• _Instructions for the task_: Return each line of the records holding the string "color".

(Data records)
-- Opening Marker --

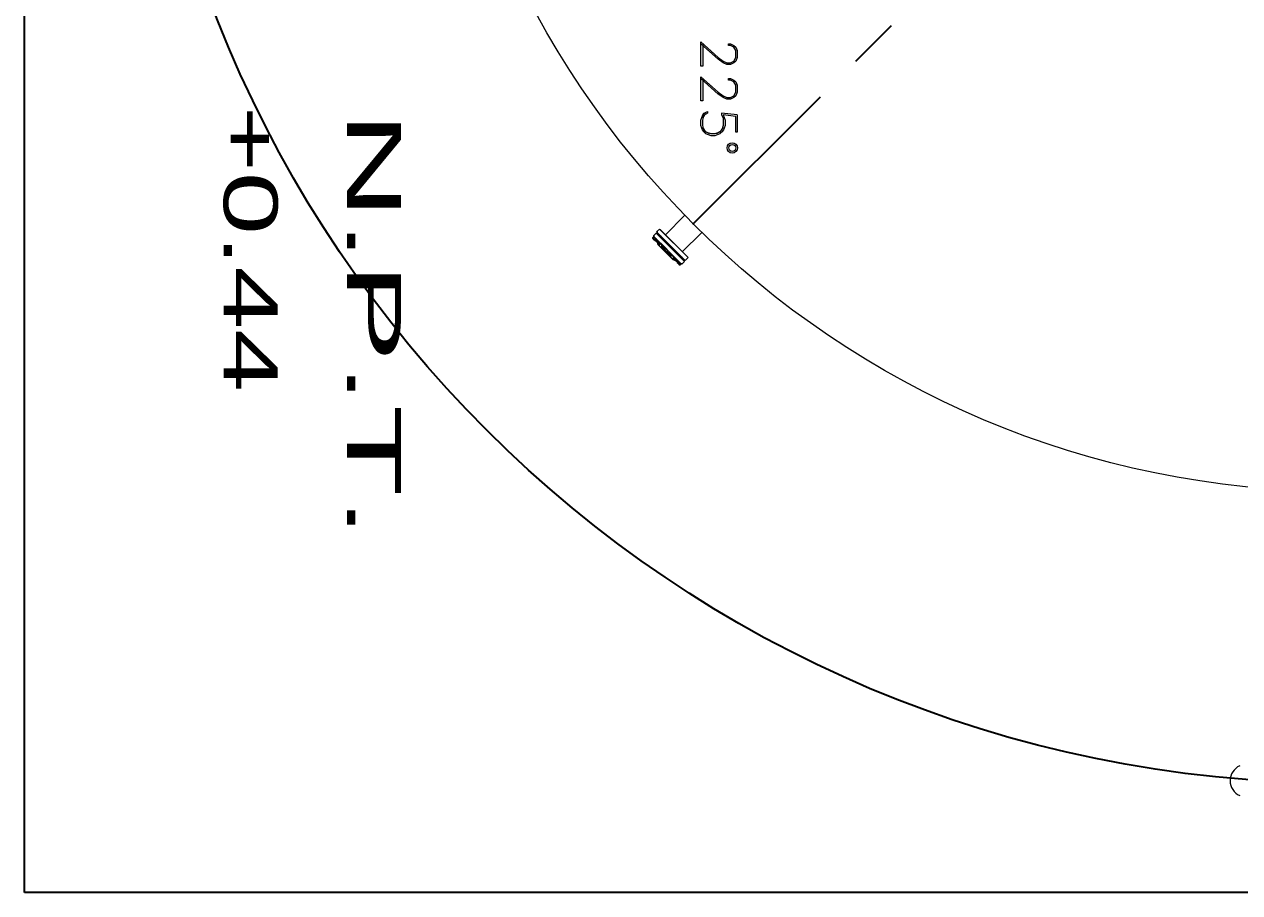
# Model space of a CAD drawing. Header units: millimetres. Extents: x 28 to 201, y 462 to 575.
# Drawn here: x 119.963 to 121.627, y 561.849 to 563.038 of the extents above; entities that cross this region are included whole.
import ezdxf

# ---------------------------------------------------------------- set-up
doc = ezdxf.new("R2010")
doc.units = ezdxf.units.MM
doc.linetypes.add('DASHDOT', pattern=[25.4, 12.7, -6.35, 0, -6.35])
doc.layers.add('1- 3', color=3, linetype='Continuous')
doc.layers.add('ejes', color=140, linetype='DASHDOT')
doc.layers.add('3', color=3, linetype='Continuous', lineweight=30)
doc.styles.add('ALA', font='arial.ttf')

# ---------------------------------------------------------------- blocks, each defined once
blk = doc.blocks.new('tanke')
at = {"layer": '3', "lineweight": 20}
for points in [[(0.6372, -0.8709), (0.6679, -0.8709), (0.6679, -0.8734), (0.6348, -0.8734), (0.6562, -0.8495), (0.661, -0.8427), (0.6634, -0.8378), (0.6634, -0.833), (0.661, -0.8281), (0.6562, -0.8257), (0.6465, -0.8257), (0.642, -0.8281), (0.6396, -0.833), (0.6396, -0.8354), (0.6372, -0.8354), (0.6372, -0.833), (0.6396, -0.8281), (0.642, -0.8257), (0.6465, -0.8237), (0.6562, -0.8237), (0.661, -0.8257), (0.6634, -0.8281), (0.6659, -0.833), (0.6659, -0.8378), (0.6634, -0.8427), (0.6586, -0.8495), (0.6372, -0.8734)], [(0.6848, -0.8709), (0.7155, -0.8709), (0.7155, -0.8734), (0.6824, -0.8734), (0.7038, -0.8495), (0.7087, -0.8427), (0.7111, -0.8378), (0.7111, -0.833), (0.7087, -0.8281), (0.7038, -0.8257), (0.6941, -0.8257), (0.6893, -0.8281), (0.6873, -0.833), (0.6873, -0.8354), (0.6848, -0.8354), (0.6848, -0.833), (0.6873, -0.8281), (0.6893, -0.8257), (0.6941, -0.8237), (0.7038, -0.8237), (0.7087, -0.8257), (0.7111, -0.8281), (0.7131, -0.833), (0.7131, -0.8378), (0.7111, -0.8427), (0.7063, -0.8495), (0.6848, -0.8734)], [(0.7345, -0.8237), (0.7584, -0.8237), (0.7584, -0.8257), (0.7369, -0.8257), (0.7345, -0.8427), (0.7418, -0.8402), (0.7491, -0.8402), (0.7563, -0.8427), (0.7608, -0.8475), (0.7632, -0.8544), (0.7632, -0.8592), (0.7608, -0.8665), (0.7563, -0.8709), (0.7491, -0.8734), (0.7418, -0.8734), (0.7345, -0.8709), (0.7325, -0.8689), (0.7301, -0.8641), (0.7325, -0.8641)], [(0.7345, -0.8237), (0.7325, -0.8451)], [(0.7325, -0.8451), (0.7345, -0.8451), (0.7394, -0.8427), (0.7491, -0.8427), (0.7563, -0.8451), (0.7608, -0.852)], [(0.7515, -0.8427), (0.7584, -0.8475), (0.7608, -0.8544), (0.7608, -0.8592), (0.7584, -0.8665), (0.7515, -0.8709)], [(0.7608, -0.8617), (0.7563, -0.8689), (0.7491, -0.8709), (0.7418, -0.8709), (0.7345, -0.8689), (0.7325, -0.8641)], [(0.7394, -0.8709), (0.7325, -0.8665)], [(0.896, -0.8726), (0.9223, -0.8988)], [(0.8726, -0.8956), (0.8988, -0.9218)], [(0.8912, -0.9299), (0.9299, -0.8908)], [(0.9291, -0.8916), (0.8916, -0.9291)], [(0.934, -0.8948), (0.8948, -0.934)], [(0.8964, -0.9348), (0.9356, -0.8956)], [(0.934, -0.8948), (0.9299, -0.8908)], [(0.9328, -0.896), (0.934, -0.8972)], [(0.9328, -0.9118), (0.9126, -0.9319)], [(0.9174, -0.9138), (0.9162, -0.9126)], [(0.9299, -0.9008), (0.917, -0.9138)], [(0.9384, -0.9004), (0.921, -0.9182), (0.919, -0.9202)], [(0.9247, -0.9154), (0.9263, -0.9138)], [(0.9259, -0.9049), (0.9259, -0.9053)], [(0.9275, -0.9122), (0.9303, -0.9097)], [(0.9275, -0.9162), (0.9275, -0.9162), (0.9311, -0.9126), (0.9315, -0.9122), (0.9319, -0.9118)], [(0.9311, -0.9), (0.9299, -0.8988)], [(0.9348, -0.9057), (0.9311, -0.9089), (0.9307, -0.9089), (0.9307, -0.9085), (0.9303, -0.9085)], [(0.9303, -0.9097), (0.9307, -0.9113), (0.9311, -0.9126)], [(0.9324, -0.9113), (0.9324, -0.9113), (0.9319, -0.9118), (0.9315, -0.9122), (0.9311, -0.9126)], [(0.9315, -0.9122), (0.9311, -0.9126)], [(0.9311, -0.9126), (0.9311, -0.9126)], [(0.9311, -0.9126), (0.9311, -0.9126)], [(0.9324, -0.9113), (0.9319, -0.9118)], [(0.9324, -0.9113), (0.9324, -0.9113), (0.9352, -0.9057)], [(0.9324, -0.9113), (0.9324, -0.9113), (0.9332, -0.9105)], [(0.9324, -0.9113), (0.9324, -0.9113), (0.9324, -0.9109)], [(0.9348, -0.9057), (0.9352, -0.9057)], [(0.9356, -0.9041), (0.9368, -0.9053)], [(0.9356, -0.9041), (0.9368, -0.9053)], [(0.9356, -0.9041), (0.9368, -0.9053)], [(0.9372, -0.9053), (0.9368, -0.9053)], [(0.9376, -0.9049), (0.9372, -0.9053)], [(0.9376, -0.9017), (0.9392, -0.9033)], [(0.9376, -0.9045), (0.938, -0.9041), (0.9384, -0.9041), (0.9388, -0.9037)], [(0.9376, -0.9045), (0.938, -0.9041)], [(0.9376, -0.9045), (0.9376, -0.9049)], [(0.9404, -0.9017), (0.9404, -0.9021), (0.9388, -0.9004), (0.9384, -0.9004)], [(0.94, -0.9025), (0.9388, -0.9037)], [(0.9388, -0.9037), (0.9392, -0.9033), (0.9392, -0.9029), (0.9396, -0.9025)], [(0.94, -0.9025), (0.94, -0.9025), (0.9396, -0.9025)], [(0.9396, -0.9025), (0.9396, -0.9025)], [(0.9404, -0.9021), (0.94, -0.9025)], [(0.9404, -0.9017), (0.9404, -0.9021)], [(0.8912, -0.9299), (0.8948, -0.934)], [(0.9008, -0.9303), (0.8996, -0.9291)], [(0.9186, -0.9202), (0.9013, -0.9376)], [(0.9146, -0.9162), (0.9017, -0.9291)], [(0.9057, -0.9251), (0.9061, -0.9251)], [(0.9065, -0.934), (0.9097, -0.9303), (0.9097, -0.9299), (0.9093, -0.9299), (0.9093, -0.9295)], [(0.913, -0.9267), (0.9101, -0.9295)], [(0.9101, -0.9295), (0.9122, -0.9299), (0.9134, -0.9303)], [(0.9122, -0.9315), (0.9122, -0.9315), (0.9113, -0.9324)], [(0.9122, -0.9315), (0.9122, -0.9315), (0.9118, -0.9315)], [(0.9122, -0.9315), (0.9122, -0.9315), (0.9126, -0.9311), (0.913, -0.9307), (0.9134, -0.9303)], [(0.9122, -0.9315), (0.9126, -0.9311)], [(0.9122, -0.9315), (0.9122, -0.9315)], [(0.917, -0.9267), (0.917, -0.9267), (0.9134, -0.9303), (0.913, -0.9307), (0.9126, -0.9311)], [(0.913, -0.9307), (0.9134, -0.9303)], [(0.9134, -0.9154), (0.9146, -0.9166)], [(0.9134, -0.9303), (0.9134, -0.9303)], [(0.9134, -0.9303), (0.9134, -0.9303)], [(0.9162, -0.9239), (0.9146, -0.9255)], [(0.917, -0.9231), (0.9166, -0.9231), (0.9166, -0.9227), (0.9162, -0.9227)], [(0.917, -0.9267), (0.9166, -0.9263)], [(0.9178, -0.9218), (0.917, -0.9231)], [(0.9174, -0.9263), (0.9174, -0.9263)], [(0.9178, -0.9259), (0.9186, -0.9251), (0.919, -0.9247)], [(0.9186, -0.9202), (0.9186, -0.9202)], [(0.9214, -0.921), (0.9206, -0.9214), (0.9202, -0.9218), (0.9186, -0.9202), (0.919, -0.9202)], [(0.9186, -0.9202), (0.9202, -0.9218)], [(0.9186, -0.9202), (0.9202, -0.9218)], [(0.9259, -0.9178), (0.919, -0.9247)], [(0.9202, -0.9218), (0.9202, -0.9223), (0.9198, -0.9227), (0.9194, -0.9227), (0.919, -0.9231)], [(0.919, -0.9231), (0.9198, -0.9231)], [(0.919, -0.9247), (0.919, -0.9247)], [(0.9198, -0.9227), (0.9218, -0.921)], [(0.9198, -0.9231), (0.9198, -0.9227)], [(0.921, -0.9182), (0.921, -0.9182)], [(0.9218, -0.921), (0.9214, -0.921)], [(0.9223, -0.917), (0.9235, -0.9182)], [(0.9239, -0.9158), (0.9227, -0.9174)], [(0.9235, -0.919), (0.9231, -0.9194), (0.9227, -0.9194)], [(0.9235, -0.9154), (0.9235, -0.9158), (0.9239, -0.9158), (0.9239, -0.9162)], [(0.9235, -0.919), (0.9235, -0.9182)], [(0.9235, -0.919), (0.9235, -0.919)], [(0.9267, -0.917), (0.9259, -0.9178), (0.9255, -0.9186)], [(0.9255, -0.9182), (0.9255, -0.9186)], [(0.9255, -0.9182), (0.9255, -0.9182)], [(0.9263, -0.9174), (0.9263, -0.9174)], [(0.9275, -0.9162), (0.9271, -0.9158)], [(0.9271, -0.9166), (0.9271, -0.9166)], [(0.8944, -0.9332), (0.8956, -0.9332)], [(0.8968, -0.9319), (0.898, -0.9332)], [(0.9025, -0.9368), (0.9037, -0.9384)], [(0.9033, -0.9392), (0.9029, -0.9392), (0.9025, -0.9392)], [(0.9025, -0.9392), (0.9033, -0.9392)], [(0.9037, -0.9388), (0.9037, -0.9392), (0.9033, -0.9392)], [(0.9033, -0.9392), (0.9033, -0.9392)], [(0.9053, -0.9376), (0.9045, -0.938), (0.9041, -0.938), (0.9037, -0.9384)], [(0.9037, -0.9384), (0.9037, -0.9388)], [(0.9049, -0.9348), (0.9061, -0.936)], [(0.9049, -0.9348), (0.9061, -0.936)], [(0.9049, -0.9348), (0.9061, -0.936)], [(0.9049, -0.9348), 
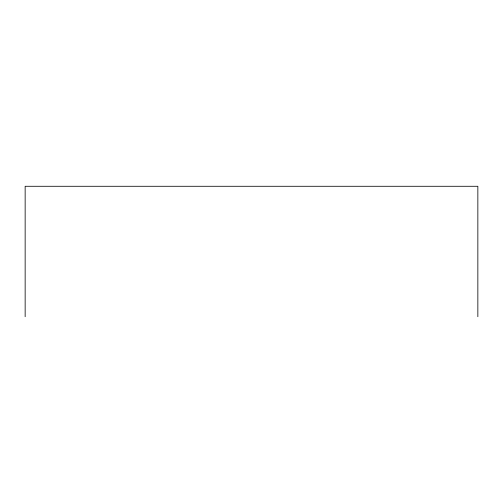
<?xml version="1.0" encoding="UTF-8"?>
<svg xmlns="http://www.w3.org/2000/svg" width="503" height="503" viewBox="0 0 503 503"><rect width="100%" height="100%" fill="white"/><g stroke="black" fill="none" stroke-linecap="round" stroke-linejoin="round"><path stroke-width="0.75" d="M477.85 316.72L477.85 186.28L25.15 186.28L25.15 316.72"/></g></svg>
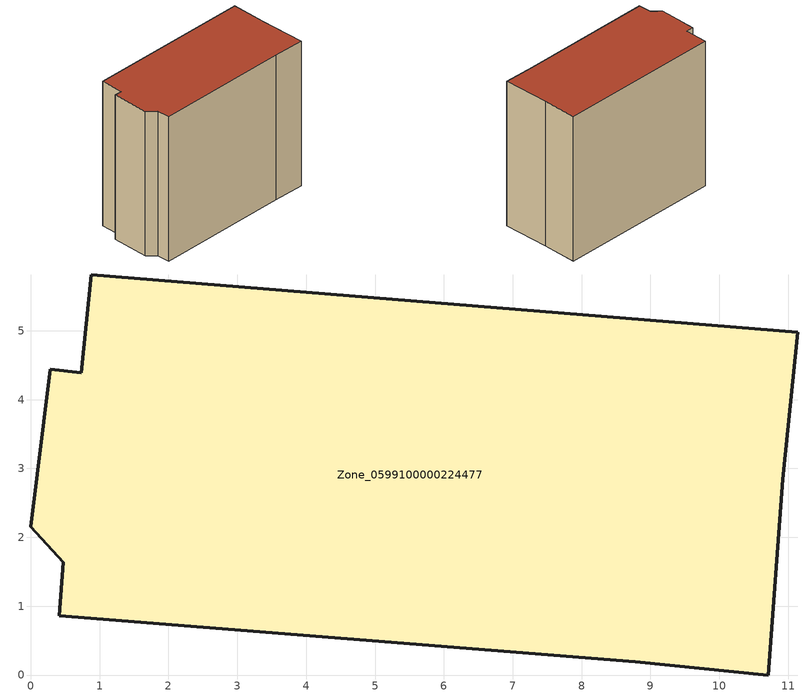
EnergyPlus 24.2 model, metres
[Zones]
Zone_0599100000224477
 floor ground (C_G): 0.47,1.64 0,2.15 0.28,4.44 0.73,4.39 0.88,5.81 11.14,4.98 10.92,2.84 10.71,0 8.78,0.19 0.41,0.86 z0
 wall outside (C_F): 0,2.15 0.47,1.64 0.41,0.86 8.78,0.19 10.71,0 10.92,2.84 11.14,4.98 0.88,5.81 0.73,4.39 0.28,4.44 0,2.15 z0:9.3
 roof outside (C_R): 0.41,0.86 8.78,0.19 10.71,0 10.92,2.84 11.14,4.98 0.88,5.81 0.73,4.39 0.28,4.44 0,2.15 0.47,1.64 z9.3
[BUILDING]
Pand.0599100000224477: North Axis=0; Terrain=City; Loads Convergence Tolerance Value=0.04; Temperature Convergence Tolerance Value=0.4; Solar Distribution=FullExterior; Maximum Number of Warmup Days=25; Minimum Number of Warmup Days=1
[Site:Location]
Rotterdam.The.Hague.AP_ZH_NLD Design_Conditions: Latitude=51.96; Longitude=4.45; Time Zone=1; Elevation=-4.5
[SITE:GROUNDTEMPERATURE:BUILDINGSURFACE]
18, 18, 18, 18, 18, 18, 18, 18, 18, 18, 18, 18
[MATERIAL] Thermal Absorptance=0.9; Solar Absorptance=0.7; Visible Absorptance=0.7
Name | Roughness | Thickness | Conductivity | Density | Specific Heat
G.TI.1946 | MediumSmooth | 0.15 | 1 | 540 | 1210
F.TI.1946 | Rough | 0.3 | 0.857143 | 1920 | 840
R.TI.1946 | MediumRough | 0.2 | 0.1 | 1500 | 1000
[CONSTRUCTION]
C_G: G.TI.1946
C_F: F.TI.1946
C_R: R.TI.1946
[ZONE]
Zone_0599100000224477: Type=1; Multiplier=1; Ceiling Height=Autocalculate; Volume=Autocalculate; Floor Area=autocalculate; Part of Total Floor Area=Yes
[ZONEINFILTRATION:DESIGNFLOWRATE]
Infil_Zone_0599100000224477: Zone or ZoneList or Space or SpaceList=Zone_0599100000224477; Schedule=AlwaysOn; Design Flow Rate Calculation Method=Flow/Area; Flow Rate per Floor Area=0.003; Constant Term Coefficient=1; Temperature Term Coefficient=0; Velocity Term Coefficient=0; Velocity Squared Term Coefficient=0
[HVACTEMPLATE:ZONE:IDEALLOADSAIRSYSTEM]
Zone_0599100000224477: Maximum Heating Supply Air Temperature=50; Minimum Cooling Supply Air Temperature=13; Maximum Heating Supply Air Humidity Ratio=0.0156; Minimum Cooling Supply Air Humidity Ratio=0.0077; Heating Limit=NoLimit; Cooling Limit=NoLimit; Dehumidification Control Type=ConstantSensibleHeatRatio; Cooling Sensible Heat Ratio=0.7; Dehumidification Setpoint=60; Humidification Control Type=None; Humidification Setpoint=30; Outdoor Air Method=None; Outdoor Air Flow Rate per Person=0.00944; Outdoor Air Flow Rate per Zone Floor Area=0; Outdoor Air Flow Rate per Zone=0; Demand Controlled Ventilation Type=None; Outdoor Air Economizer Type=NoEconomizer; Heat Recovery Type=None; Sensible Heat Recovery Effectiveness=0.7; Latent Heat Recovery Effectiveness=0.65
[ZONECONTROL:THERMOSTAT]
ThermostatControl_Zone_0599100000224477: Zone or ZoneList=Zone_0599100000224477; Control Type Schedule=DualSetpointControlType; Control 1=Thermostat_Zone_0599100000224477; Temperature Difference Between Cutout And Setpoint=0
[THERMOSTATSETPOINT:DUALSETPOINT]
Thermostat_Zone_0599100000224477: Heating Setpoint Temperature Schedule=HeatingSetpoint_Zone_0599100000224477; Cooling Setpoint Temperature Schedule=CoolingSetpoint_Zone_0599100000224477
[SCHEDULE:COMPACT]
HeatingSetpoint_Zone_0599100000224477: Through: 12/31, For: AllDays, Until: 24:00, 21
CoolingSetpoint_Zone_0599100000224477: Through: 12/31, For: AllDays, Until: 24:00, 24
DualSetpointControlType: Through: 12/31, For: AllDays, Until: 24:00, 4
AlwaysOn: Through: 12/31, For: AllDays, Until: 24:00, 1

-- Closing Marker --

• _Task output_:
doc.layers.add('1- 3', color=3, linetype='Continuous')
doc.layers.add('ejes', color=140, linetype='DASHDOT')
doc.layers.add('3', color=3, linetype='Continuous', lineweight=30)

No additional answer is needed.